• [TRY IT]: Of the entries below, return only those lines from the line with "#102=VERTEX_POINT('',#101);" to the line with "#112=ORIENTED_EDGE('',*,*,#111,.F.);", exactly, both included.

• [INPUT MATERIAL]:
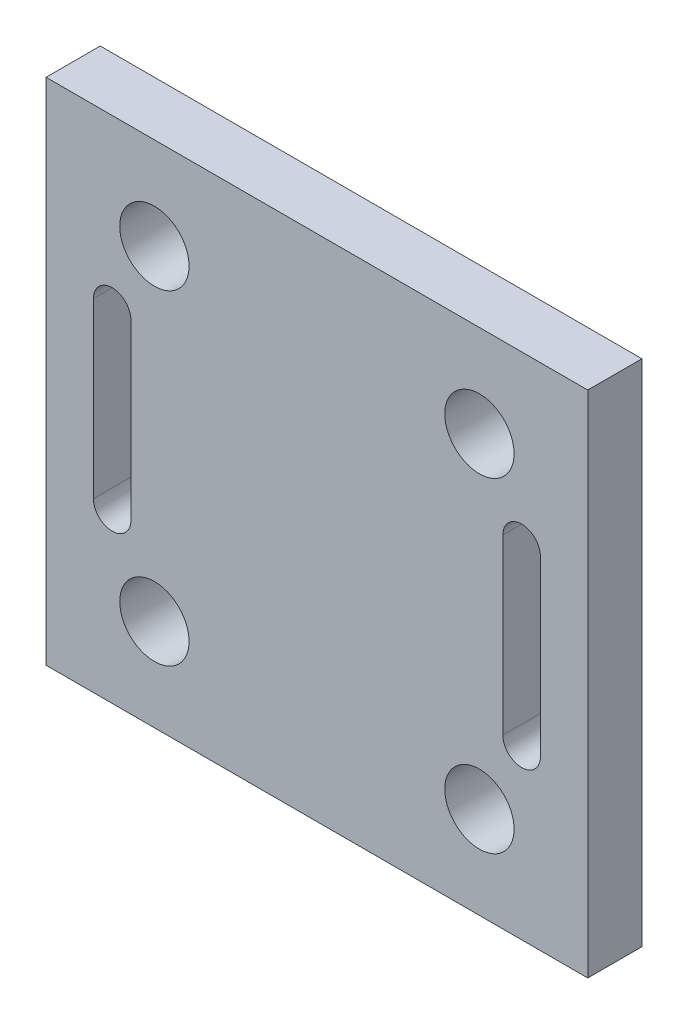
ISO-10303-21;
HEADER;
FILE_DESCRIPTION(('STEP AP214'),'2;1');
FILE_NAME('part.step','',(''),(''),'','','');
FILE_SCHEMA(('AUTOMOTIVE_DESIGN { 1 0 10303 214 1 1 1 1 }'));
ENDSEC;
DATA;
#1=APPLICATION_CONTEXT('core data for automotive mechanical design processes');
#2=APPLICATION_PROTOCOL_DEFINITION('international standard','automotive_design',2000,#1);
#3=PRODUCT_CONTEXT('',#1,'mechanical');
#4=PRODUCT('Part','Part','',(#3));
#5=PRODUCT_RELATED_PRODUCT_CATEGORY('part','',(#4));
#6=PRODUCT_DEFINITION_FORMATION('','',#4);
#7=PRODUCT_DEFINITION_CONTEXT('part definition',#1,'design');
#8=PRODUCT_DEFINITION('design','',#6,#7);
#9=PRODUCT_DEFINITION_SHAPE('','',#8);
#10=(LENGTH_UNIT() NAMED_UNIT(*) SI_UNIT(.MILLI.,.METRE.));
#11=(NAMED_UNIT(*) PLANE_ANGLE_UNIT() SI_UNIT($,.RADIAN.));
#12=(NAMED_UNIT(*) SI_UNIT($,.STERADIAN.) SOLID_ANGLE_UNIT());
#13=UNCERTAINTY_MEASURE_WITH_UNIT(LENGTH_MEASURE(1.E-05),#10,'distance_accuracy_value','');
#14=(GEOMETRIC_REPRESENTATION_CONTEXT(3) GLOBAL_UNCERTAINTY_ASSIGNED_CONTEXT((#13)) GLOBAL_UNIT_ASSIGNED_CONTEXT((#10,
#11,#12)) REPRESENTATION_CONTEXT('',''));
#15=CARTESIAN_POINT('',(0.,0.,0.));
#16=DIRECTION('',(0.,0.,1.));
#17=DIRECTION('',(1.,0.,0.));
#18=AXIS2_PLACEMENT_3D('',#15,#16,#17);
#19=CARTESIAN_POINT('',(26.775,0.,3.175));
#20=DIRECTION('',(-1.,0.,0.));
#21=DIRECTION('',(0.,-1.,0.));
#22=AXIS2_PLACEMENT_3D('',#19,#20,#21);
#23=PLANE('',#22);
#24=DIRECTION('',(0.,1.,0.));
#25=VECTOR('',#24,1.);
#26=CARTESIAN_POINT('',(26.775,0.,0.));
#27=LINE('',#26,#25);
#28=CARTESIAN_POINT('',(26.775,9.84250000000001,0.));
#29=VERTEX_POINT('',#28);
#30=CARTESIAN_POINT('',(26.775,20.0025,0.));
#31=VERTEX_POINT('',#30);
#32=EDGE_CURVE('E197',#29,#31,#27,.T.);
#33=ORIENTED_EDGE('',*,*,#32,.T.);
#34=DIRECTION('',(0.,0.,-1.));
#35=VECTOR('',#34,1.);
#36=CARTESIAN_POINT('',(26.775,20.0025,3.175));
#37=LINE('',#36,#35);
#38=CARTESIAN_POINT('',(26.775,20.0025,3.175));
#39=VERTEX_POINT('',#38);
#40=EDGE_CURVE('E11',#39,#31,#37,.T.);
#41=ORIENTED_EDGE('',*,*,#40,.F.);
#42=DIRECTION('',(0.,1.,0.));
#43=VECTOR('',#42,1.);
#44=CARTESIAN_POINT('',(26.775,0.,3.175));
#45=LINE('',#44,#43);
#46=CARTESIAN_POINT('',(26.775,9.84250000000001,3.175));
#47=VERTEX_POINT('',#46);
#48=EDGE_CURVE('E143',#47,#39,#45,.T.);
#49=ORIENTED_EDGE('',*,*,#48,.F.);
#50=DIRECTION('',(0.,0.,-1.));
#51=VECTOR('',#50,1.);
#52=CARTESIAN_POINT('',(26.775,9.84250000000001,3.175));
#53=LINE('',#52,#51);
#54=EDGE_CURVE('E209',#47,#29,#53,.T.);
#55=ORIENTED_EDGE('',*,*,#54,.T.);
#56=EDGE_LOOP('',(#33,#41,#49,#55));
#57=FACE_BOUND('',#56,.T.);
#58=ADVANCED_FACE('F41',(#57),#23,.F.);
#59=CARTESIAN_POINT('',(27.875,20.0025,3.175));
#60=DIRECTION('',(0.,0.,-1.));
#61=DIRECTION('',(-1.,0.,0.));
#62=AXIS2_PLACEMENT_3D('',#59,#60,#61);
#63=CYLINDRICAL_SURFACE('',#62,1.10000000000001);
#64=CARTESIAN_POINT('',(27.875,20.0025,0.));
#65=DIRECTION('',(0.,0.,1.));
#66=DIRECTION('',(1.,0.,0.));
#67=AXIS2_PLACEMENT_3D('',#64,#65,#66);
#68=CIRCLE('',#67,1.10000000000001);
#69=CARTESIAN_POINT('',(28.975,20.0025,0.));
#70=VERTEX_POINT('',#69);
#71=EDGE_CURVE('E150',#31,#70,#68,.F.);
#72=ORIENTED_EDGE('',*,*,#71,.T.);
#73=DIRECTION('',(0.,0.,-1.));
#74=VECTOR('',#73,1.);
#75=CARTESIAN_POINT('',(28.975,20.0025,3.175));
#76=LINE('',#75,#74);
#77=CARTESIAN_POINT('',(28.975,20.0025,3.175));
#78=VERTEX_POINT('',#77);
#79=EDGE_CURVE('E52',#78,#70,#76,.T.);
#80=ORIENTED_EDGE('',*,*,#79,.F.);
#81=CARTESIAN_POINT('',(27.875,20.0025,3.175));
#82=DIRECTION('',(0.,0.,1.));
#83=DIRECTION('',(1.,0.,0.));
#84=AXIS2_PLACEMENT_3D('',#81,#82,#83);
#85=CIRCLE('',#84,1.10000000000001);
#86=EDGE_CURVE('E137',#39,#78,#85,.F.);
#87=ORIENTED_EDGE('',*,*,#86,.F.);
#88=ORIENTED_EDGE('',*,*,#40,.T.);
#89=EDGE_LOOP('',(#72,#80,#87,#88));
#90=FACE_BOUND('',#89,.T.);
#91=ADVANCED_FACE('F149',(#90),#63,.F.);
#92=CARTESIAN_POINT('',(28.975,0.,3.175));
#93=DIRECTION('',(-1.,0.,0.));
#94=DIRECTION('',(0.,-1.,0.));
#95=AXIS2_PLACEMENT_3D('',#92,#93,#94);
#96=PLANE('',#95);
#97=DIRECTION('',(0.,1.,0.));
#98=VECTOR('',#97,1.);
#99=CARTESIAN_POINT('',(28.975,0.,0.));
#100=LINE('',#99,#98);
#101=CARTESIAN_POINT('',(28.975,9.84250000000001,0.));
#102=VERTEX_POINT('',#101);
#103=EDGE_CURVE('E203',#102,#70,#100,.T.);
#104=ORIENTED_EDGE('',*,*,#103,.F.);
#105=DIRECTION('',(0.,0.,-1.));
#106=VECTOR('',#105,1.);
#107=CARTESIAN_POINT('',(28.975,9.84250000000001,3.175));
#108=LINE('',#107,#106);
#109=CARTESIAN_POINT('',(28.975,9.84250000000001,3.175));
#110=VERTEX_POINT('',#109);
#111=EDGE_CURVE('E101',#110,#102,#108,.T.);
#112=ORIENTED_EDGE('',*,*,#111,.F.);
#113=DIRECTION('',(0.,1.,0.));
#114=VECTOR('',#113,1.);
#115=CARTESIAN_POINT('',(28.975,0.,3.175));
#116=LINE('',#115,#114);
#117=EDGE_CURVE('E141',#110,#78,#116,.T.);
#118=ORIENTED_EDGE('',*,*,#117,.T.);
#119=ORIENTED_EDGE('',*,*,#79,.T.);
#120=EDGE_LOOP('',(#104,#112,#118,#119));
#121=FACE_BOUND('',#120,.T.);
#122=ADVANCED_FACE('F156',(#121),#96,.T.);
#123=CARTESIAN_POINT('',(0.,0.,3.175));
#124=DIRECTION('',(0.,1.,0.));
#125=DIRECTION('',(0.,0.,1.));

• [EXERCISE RESULT]:
#102=VERTEX_POINT('',#101);
#103=EDGE_CURVE('E203',#102,#70,#100,.T.);
#104=ORIENTED_EDGE('',*,*,#103,.F.);
#105=DIRECTION('',(0.,0.,-1.));
#106=VECTOR('',#105,1.);
#107=CARTESIAN_POINT('',(28.975,9.84250000000001,3.175));
#108=LINE('',#107,#106);
#109=CARTESIAN_POINT('',(28.975,9.84250000000001,3.175));
#110=VERTEX_POINT('',#109);
#111=EDGE_CURVE('E101',#110,#102,#108,.T.);
#112=ORIENTED_EDGE('',*,*,#111,.F.);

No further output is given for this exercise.